Optimal Online Change Detection via Random Fourier Features
Florian Kalinke, Shakeel Gavioli-Akilagun
TL;DR
This work addresses online non-parametric change point detection in multivariate data by integrating kernel mean embeddings with a random Fourier feature (RFF) approximation of the maximum mean discrepancy (MMD). The proposed Online RFF-MMD runs on a genuinely online, window-free basis, achieving $O(r \log n)$ time and $O(r \log n)$ space per observation through a dyadic grid of local tests and efficient feature-map updates. The authors establish strong theoretical guarantees, including average run length and false alarm controls, a concrete bound on detection delay, and a minimax lower bound showing near-optimality up to logarithmic factors, and they validate the method on synthetic data and MNIST with competitive performance. This approach enables scalable, non-parametric online change detection for high-volume streams without requiring pre-change data or window tuning, with practical impact for real-time monitoring tasks.
Abstract
This article studies the problem of online non-parametric change point detection in multivariate data streams.
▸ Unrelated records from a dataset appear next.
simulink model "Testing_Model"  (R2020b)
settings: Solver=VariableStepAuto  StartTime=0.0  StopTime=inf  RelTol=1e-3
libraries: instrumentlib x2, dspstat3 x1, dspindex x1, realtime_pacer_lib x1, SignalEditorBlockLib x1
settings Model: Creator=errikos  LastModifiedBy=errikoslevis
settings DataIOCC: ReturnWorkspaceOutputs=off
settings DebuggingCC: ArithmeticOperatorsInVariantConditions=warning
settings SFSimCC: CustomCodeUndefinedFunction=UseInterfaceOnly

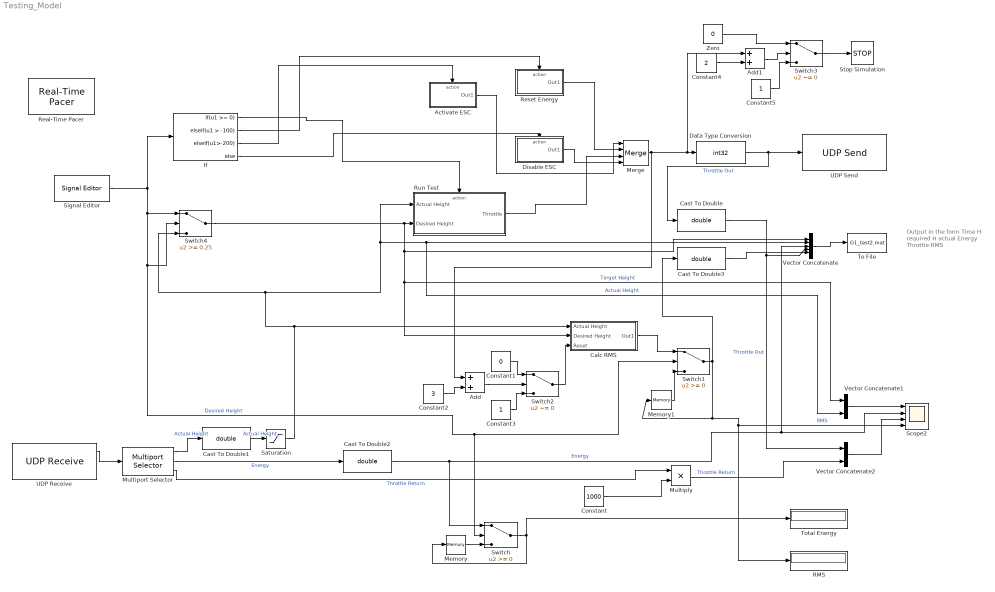
== system Testing_Model ==
  note: Output in the form
      | Time
      | H required
      | H actual
      | Energy
      | Throttle
      | RMS
  Activate ESC : Subsystem  TreatAsAtomicUnit=on
  Add : Sum
  Add1 : Sum
  Calc RMS : Subsystem
  Cast To Double{,1..3} (4 alike) : DataTypeConversion  OutDataTypeStr=double
  Constant : Constant  Value=1000
  Constant1 : Constant  Value=0
  Constant2 : Constant  Value=3
  Constant3 : Constant
  Constant4 : Constant  Value=2
  Constant5 : Constant
  Data Type Conversion : DataTypeConversion  OutDataTypeStr=int32
  Disable ESC : Subsystem  TreatAsAtomicUnit=on
  If : If  IfExpression=u1 >= 0  ElseIfExpressions=u1 > -100 , u1>-200
  Memory : Memory
  Memory1 : Memory
  Merge : Merge  Inputs=4
  Multiply : Product
  Multiport Selector : dspindex/Multiport Selector  rowsOrCols=Columns  idxCellArray={ 1, 2,3}  idxErrMode=Clip and Warn
  RMS : Display
  Real-Time Pacer : realtime_pacer_lib/Real-Time Pacer  simTimePerRealTime=1
  Reset Energy : Subsystem  TreatAsAtomicUnit=on
  Run Test : Subsystem  TreatAsAtomicUnit=on
  Saturation : Saturate  UpperLimit=1.7  LowerLimit=0.1
  Scope2 : Scope  NumInputPorts=4
  Signal Editor : SignalEditorBlockLib/Signal Editor  FileName=/Users/errikoslevis/OneDrive - Imperial College London/Teaching/Duocopter Des Ex/2020-21/Scripts/Simulink/samplemission.mat  ActiveScenario=Scenario  ActiveSignal=Signal 1  IsBus=off  OutputBusObjectStr=Bus: BusObject  SampleTime=0.05  ZeroCross=off  OutputAfterFinalValue=Setting to zero  Unit=inherit  PreserveSignalName=on
  Stop Simulation : Stop
  Switch : Switch
  Switch1 : Switch
  Switch2 : Switch  Criteria=u2 ~= 0
  Switch3 : Switch  Criteria=u2 ~= 0  ZeroCross=off
  Switch4 : Switch  Threshold=0.25
  To File : ToFile  Filename=G1_test2.mat
  Total Energy : Display
  UDP Receive : instrumentlib/UDP Receive  Host=192.168.1.110  Port=4000  LocalPort=8888  EnablePortSharing=on  GetLatestData=on  DataSize="[1  3]"  DataType=single  ASCIIFormatting=%f%f  Terminator=LF  ByteOrder=LittleEndian  EnableBlockingMode=off  Timeout=10  SampleTime=0.005  LocalAddress=192.168.1.120
  UDP Send : instrumentlib/UDP Send  Host=192.168.1.110  Port=4000  LocalPort=-1  EnablePortSharing=on  ByteOrder=LittleEndian  OutputDatagramPacketSize=4  EnableBlockingMode=on  LocalAddress=192.168.1.120
  Vector Concatenate : Concatenate  NumInputs=5
  Vector Concatenate1 : Concatenate
  Vector Concatenate2 : Concatenate
  Zero : Constant  Value=0  OutDataTypeStr=Inherit: Inherit via back propagation
  wires:
  UDP Receive/1 -> Multiport Selector/1
  Multiport Selector/1 -> Cast To Double1/1  "Actual Height"
  Multiport Selector/2 -> Cast To Double2/1  "Energy"
  Run Test/1("Throttle ") -> Merge/3
  Data Type Conversion/1 -> Cast To Double/1, UDP Send/1  "Throttle Out"
  Multiport Selector/3 -> Multiply/1  "Throttle Return"
  Multiply/1 -> Vector Concatenate2/2  "Throttle Return"
  Constant/1 -> Multiply/2
  Signal Editor/1 -> Switch4/2, Switch1/2, Switch/2, Switch4/1, If/1  "Desired Height"
  Merge/1 -> Add/1, Add1/1, Data Type Conversion/1
  Vector Concatenate/1 -> To File/1
  If/1 -> Run Test/Action
  If/2 -> Reset Energy/Action
  If/3 -> Activate ESC/Action
  If/4 -> Disable ESC/Action
  Activate ESC/1(Out1) -> Merge/1
  Disable ESC/1(Out1) -> Merge/4
  Switch/1 -> Memory/1, Total Energy/1
  Cast To Double/1 -> Vector Concatenate2/1, Vector Concatenate/4  "Throttle Out"
  Saturation/1 -> Switch4/3, Run Test/1(Actual Height), Vector Concatenate1/2, Vector Concatenate/2, Calc RMS/1(Actual Height)  "Actual Height"
  Cast To Double2/1 -> Switch/1, Scope2/2, Vector Concatenate/3  "Energy"
  Cast To Double3/1 -> Vector Concatenate/5
  Memory/1 -> Switch/3
  Switch1/1 -> RMS/1, Scope2/4, Memory1/1, Cast To Double3/1  "RMS"
  Memory1/1 -> Switch1/3
  Calc RMS/1(Out1) -> Switch1/1
  Switch2/1 -> Calc RMS/3(Reset)
  Constant1/1 -> Switch2/1
  Constant2/1 -> Add/2
  Add/1 -> Switch2/2
  Constant3/1 -> Switch2/3
  Reset Energy/1(Out1) -> Merge/2
  Switch3/1 -> Stop Simulation/1
  Zero/1 -> Switch3/1
  Add1/1 -> Switch3/2
  Constant4/1 -> Add1/2
  Constant5/1 -> Switch3/3
  Vector Concatenate2/1 -> Scope2/3
  Vector Concatenate1/1 -> Scope2/1
  Switch4/1 -> Vector Concatenate/1, Vector Concatenate1/1, Calc RMS/2(Desired Height), Run Test/2(Desired Height)  "Target Height"
  Cast To Double1/1 -> Saturation/1  "Actual Height"

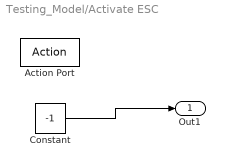
== system Testing_Model/Activate ESC ==
  Action Port : ActionPort  ActionPortLabel=elseif { }
  Constant : Constant  Value=-1  SampleTime=0.05
  Out1 : Outport  VectorParamsAs1DForOutWhenUnconnected=off
  wires:
  Constant/1 -> Out1/1

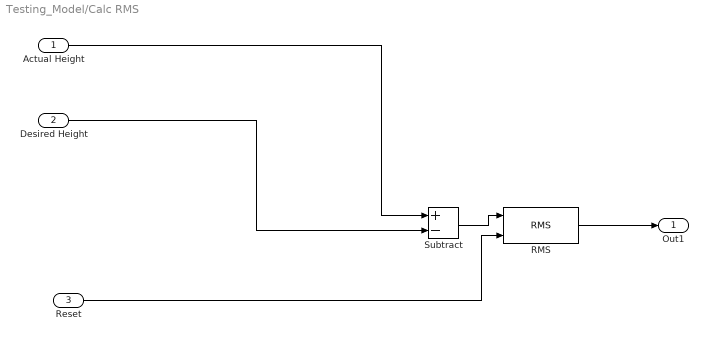
== system Testing_Model/Calc RMS ==
  Actual Height : Inport
  Desired Height : Inport  Port=2
  Reset : Inport  Port=3
  RMS : dspstat3/RMS  run=on  directionMode=Each column  dimension=1  reset_popup=Non-zero sample
  Subtract : Sum  Inputs=+-
  Out1 : Outport  VectorParamsAs1DForOutWhenUnconnected=off
  wires:
  Desired Height/1 -> Subtract/2
  Actual Height/1 -> Subtract/1
  RMS/1 -> Out1/1
  Subtract/1 -> RMS/1
  Reset/1 -> RMS/2

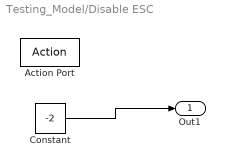
== system Testing_Model/Disable ESC ==
  Action Port : ActionPort  ActionPortLabel=else { }
  Constant : Constant  Value=-2  SampleTime=0.05
  Out1 : Outport  VectorParamsAs1DForOutWhenUnconnected=off
  wires:
  Constant/1 -> Out1/1

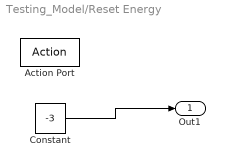
== system Testing_Model/Reset Energy ==
  Action Port : ActionPort  ActionPortLabel=elseif { }
  Constant : Constant  Value=-3  SampleTime=0.05
  Out1 : Outport  VectorParamsAs1DForOutWhenUnconnected=off
  wires:
  Constant/1 -> Out1/1

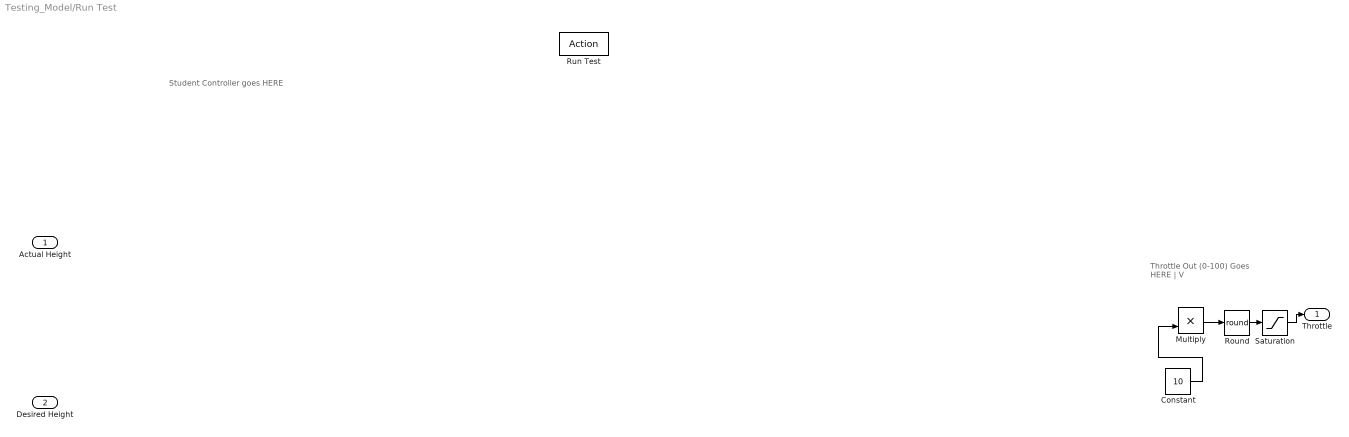
== system Testing_Model/Run Test ==
  note: Throttle Out (0-100)
      | Goes HERE
      |            |
      | 	   V
  note: Student Controller goes HERE
  Actual Height : Inport
  Desired Height : Inport  Port=2
  Run Test : ActionPort  ActionPortLabel=if { }
  Constant : Constant  Value=10
  Multiply : Product
  Round : Rounding  Operator=round
  Saturation : Saturate  UpperLimit=1000  LowerLimit=0
  "Throttle " : Outport  VectorParamsAs1DForOutWhenUnconnected=off
  wires:
  Saturation/1 -> "Throttle "/1
  Constant/1 -> Multiply/2
  Multiply/1 -> Round/1
  Round/1 -> Saturation/1

We approach the problem through the lens of kernel-based two-sample testing and introduce a sequential testing procedure based on random Fourier features, running with logarithmic time complexity per observation and with overall logarithmic space complexity. The algorithm has two advantages compared to the state of the art. First, our approach is genuinely online, and no access to training data known to be from the pre-change distribution is necessary. Second, the algorithm does not require the user to specify a window parameter over which local tests are to be calculated. We prove strong theoretical guarantees on the algorithm's performance, including information-theoretic bounds demonstrating that the detection delay is optimal in the minimax sense. Numerical studies on real and synthetic data show that our algorithm is competitive with respect to the state of the art.